Until these experiments can be carried out at lower pressures, producing larger fullerene yields that will allow for separation [2], it is difficult to make conclusions concerning the products that are formed. However, peak intensities from spectra #1 and #2 suggest that it is easier to form the five-membered carbon rings necessary in the mechanism for fullerene formation from six-membered carbon rings than it is to form six-membered carbon rings from five-membered carbon rings. The majority of the products in these experiments are large polycyclic aromatic hydrocarbons (PAH), often referred to soot. PAH are believed to be precursors in fullerene formation [3]. The large peak at 655 in spectrum #2.1 may represent a stable PAH intermediate in the formation of fullerenes. In the spectra of soot obtained from the combustion of pyridine or thiophene, there are no peaks with an isotopic distribution that would suggest a fullerene structure, although the presence of these large PAH indicates the potential for their formation. The ferrocene-doping of a benzene flame seems to suppress the formation of C60 and C70. Again however, due

to the presence of these PAH, it is not possible to rule out the potential of combustion synthesis in forming an iron-encapsulated fullerene.

References

1. Howard, J.B., McKinnon, J.T., Makarovsky, Y., Lafleur, A.L., and Johnson, M.E., Nature 352: 139-141 (1991).
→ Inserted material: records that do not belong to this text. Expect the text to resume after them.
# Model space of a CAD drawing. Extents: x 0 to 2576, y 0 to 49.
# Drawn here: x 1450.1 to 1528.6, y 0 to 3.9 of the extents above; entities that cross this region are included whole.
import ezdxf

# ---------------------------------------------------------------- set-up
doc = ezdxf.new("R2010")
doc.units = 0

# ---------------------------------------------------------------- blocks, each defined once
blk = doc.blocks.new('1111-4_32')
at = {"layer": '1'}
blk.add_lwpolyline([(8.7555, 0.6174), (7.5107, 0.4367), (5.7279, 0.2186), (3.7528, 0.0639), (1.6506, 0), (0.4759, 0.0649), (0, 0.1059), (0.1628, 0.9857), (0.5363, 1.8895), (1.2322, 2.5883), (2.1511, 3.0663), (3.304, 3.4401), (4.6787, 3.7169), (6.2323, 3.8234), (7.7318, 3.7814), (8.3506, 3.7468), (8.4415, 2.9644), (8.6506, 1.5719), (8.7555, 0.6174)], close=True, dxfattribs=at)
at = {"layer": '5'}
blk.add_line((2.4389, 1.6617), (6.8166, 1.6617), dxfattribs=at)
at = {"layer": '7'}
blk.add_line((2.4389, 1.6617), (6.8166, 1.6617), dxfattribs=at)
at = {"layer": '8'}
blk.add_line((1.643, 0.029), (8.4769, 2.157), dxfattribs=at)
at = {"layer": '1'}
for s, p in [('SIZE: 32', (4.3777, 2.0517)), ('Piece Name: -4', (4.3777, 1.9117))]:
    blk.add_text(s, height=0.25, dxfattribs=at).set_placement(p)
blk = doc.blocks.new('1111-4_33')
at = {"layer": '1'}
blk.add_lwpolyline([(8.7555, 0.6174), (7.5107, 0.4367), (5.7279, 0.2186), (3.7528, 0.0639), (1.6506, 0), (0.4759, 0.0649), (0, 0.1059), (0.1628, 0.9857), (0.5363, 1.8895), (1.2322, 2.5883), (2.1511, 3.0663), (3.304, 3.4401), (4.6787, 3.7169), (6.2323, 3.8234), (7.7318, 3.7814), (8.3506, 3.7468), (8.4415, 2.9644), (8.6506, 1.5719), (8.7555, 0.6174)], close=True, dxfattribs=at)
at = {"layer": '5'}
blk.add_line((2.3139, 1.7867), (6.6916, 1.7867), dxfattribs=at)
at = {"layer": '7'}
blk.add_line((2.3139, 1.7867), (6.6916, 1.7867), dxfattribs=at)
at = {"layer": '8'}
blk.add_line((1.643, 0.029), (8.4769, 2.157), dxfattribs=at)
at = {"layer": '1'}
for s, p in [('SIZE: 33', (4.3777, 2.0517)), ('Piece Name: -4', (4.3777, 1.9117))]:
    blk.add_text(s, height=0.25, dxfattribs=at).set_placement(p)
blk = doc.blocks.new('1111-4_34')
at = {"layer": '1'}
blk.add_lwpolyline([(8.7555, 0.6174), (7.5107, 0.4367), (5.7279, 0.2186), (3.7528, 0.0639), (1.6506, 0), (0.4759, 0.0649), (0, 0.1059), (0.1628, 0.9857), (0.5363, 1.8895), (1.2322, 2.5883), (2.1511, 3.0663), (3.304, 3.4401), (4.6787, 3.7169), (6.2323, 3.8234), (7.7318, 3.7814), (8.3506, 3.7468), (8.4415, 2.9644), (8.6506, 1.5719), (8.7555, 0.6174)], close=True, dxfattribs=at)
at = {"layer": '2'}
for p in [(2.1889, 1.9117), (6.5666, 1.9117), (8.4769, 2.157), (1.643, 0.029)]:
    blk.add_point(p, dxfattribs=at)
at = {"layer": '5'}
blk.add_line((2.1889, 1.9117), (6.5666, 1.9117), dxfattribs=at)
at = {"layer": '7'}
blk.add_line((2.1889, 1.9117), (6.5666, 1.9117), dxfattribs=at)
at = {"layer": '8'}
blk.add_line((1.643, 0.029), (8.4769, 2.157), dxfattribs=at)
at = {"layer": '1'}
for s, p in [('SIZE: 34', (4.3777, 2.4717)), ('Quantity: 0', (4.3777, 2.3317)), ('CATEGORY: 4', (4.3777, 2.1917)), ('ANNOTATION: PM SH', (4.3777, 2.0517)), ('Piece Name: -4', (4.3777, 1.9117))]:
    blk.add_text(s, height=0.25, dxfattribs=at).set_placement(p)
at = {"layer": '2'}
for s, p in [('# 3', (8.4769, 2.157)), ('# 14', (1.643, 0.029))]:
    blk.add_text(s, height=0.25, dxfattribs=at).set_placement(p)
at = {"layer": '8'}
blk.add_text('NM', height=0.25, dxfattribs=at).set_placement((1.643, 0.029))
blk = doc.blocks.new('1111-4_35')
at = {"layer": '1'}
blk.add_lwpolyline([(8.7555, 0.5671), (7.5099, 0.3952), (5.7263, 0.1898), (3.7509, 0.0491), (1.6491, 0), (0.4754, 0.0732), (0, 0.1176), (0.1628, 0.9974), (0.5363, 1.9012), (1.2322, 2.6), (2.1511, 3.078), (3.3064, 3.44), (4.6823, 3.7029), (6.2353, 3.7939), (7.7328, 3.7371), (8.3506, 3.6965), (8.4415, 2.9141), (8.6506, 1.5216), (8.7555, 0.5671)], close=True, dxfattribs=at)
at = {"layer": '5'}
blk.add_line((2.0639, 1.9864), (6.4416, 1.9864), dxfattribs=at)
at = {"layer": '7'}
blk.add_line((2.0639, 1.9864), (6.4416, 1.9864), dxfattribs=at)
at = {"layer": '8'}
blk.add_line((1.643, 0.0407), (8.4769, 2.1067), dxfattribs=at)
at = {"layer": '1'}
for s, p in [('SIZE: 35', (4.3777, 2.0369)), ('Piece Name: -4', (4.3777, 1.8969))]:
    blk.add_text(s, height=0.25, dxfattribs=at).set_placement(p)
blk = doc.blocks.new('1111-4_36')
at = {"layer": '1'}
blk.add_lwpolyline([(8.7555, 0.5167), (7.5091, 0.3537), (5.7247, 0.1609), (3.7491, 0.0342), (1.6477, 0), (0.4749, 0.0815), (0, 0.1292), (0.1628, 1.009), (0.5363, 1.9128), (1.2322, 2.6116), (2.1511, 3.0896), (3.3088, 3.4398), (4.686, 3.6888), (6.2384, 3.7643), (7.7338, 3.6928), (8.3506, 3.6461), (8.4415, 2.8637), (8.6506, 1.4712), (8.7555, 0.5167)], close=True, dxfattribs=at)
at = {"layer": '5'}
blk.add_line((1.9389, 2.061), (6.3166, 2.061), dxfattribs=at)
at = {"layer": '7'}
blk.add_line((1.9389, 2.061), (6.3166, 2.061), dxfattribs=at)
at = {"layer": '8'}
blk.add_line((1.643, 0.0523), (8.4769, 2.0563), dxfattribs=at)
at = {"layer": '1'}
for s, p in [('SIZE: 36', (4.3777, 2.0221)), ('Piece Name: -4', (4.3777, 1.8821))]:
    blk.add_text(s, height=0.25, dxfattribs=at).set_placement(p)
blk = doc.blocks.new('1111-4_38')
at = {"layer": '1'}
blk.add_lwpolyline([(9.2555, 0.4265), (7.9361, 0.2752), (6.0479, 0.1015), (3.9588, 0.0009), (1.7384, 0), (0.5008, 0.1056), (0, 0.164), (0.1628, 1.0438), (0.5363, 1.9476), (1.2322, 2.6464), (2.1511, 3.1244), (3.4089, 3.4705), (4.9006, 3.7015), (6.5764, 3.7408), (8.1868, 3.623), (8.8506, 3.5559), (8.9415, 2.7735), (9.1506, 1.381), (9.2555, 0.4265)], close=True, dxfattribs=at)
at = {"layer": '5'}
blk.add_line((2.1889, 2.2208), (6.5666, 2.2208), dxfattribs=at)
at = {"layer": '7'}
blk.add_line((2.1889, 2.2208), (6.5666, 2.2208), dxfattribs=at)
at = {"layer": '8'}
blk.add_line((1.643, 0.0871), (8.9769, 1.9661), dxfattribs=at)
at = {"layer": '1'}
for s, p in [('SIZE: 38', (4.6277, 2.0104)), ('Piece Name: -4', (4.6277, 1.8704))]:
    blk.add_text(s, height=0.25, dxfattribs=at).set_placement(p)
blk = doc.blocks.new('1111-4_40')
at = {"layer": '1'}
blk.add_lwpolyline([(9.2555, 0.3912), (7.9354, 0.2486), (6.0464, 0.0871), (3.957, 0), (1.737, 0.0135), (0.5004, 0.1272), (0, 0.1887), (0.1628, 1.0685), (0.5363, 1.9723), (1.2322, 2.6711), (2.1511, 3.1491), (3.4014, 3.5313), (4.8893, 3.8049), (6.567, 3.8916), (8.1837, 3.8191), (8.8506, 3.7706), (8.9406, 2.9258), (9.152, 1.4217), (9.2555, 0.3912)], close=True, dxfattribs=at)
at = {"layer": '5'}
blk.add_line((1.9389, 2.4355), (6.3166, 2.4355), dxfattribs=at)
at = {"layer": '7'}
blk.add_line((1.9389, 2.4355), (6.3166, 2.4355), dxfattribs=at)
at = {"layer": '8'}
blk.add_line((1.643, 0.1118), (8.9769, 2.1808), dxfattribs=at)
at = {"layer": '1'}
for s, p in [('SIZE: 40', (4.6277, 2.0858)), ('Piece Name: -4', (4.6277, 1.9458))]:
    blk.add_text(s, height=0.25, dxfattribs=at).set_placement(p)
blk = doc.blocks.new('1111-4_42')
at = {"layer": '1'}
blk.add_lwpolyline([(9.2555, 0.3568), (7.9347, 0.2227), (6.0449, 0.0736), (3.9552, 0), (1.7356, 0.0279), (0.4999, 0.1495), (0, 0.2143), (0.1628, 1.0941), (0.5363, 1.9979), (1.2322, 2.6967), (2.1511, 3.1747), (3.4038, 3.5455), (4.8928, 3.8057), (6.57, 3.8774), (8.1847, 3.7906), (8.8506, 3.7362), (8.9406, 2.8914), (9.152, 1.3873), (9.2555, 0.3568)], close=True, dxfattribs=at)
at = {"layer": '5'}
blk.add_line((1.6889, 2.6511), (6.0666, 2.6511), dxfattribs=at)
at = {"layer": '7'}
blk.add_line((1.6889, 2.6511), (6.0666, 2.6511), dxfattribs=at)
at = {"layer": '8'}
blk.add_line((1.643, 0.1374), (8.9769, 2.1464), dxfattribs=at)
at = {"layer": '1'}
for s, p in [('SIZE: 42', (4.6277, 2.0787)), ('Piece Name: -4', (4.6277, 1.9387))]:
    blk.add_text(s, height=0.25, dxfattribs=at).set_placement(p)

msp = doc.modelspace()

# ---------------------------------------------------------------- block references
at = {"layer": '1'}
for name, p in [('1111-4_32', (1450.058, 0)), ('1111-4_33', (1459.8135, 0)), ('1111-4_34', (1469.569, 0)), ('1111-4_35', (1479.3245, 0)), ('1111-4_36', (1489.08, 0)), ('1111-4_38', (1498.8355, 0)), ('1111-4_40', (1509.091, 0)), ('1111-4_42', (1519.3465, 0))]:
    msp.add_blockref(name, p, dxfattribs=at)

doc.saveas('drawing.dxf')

2. McKinnon, J.T., and Bell, W.L., Combustion and Flame 88: 102-112 (1992).

3. Bachmann, M., Wiese, W., and Homann K.-H., Twenty Sixth Symposium (International) on Combustion, The Combustion Institute, 1996, pp. 2259-2267.

Special Thanks

The authors would like to extend special thanks to all of those involved in this project. First and foremost, we acknowledge Robin Rogers, Longfei Jiang, and Dr. Mehdi Moini in the Department of Mass Spectrometry for their diligent work in sample analysis. Also, we would like to thank Robert A. Lewandowski III for his unequivocally skillful glassblowing and all of the machinists whose insight and hard work has made an enormous impact on our continuing research. We are thankful for the help of Michael Klysik, who has assisted in a portion of this research. We are forever indebted to Rita Wilkinson for her timely filing of all forms necessary to make possible our trip to San Francisco, CA. Finally, we would like to recognize the Welch Foundation for their funding of this research.